In 1893 Burney was elected Senior Scholar of St John's and lecturer in Hebrew. He became a Fellow of St John's in 1899 and Vice President in 1900, 1906, 1910 and 1911. In June 1914, Dr Burney became the Oriel Professor of the Interpretation of Holy Scripture, and was additionally elected a Fellow of Oriel College, Oxford in 1919.
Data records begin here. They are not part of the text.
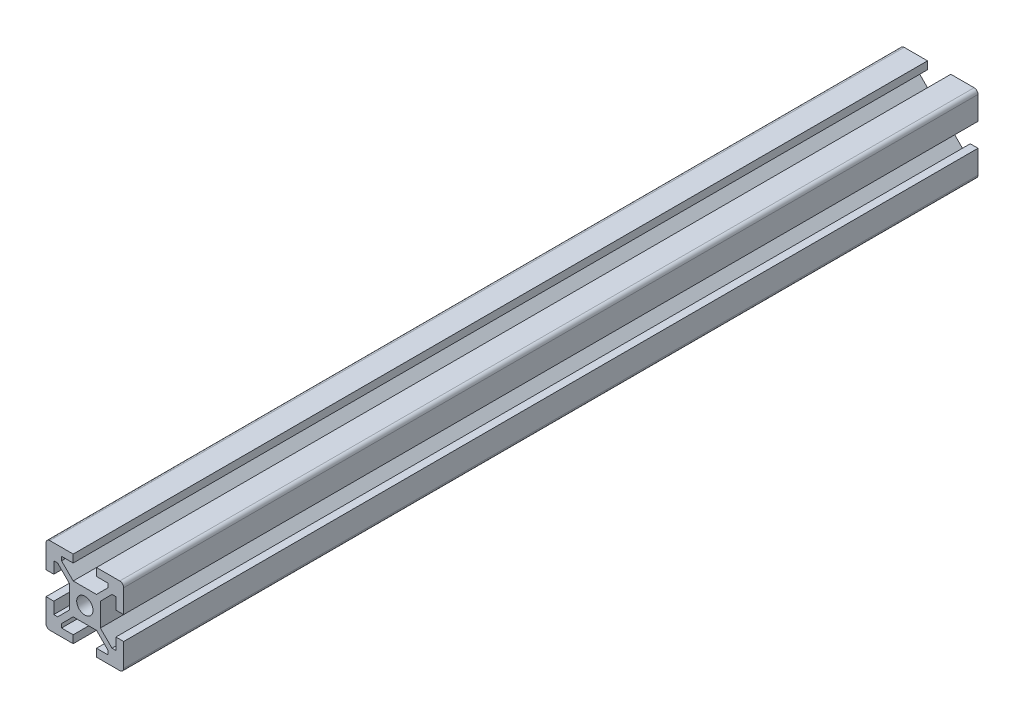
from build123d import *

# Parameters (mm, degrees)
SKETCH1_R           = 2.1
BOSS_EXTRUDE1_DEPTH = 220


with BuildPart() as part:
    # Sketch1 → Boss-Extrude1 (new body)
    with BuildSketch(Plane(origin=(0, 0, 0), x_dir=(-1, 0, 0), z_dir=(0, 0, -1))):
        with BuildLine():
            Line((6, -8), (3, -8))
            Line((3, -8), (3, -10))
            Line((3, -10), (9, -10))
            ThreePointArc((9, -10), (9.707106781, -9.707106781), (10, -9))
            Line((10, -9), (10, -3))
            Line((10, -3), (8, -3))
            Line((8, -3), (8, -6))
            Line((8, -6), (7, -6))
            Line((7, -6), (4, -3))
            Line((4, -3), (4, 3))
            Line((4, 3), (7, 6))
            Line((7, 6), (8, 6))
            Line((8, 6), (8, 3))
            Line((8, 3), (10, 3))
            Line((10, 3), (10, 9))
            ThreePointArc((10, 9), (9.707106781, 9.707106781), (9, 10))
            Line((9, 10), (3, 10))
            Line((3, 10), (3, 8))
            Line((3, 8), (6, 8))
            Line((6, 8), (6, 7))
            Line((6, 7), (3, 4))
            Line((3, 4), (-3, 4))
            Line((-3, 4), (-6, 7))
            Line((-6, 7), (-6, 8))
            Line((-6, 8), (-3, 8))
            Line((-3, 8), (-3, 10))
            Line((-3, 10), (-9, 10))
            ThreePointArc((-9, 10), (-9.707106781, 9.707106781), (-10, 9))
            Line((-10, 9), (-10, 3))
            Line((-10, 3), (-8, 3))
            Line((-8, 3), (-8, 6))
            Line((-8, 6), (-7, 6))
            Line((-7, 6), (-4, 3))
            Line((-4, 3), (-4, -3))
            Line((-4, -3), (-7, -6))
            Line((-7, -6), (-8, -6))
            Line((-8, -6), (-8, -3))
            Line((-8, -3), (-10, -3))
            Line((-10, -3), (-10, -9))
            ThreePointArc((-10, -9), (-9.707106781, -9.707106781), (-9, -10))
            Line((-9, -10), (-3, -10))
            Line((-3, -10), (-3, -8))
            Line((-3, -8), (-6, -8))
            Line((-6, -8), (-6, -7))
            Line((-6, -7), (-3, -4))
            Line((-3, -4), (3, -4))
            Line((3, -4), (6, -7))
            Line((6, -7), (6, -8))
        make_face()
        with Locations(Location((0, 0, 0), (0, 0, 180))):
            Circle(SKETCH1_R, mode=Mode.SUBTRACT)
    extrude(amount=-BOSS_EXTRUDE1_DEPTH)


solid = part.part

Burney published several works on biblical history, all as "The Rev. C. F. Burney, M.A., D. Litt.". In Israel's settlement in Canaan, he brought much new or newly applied material, especially from Babylonian sources, to explain Israel's early residence in Canaan. A major contribution was the theory that Yahweh (Jehovah) was at an early period an Amorite deity. In The Aramaic Origin of the Fourth Gospel he attempted to prove that St John's Gospel was a literal Greek translation of a Gospel written in Aramaic by a Jewish disciple, and this at least led to an accepted view that the author thought in Aramaic, and strengthened the probability that it was the work of an eyewitness.

==Family==
In 1913 at the age of 45 he married Ethel Wordsworth Madan (1891–1984), the elder daughter of Falconer Madan and his wife Frances Hayter. In 1929 Ethel Burney started work for Rosalind Moss at the Griffith Institute at Oxford. Together Moss and Burney continued the work that had been started by Bertha Porter (with Moss as her assistant) in the early 1920s on the Topographical Bibliography of Ancient Egyptian Hieroglyphic Texts, Reliefs, and Paintings. 'The Two Ladies' as they were known travelled throughout the Middle East and the rest of the world until the late 1960s visiting digs, museums and collections, and gathering data for the many volumes of the Topographical Bibliography that they produced together with a small team of collaborators.

Charles and Ethel's daughter, Venetia Phair, is famed for proposing the name Pluto for the erstwhile planet, at the age of 11.

==Publications==
- Outlines of Old Testament Theology (London, 1899)
- Encyclopaedia Biblica (contributor, 1903)
- Notes on the Hebrew Text of the Books of Kings (Oxford: Clarendon, 1903)
- Israel's Settlement in Canaan: The Biblical Tradition and its Historical Background (Schweich Lecture for 1917, London: OUP)
- Israel's Hope of immortality: four lectures (Oxford: Clarendon, 1909)
- The Book of Judges, with introduction and notes (London: Rivingtons, 1918)
- The Gospel in the Old Testament (T & T Clark, Edinburgh, 1921)
- C.F. Burney (1922). "The Aramaic Origin of the Fourth Gospel" Also available in another format.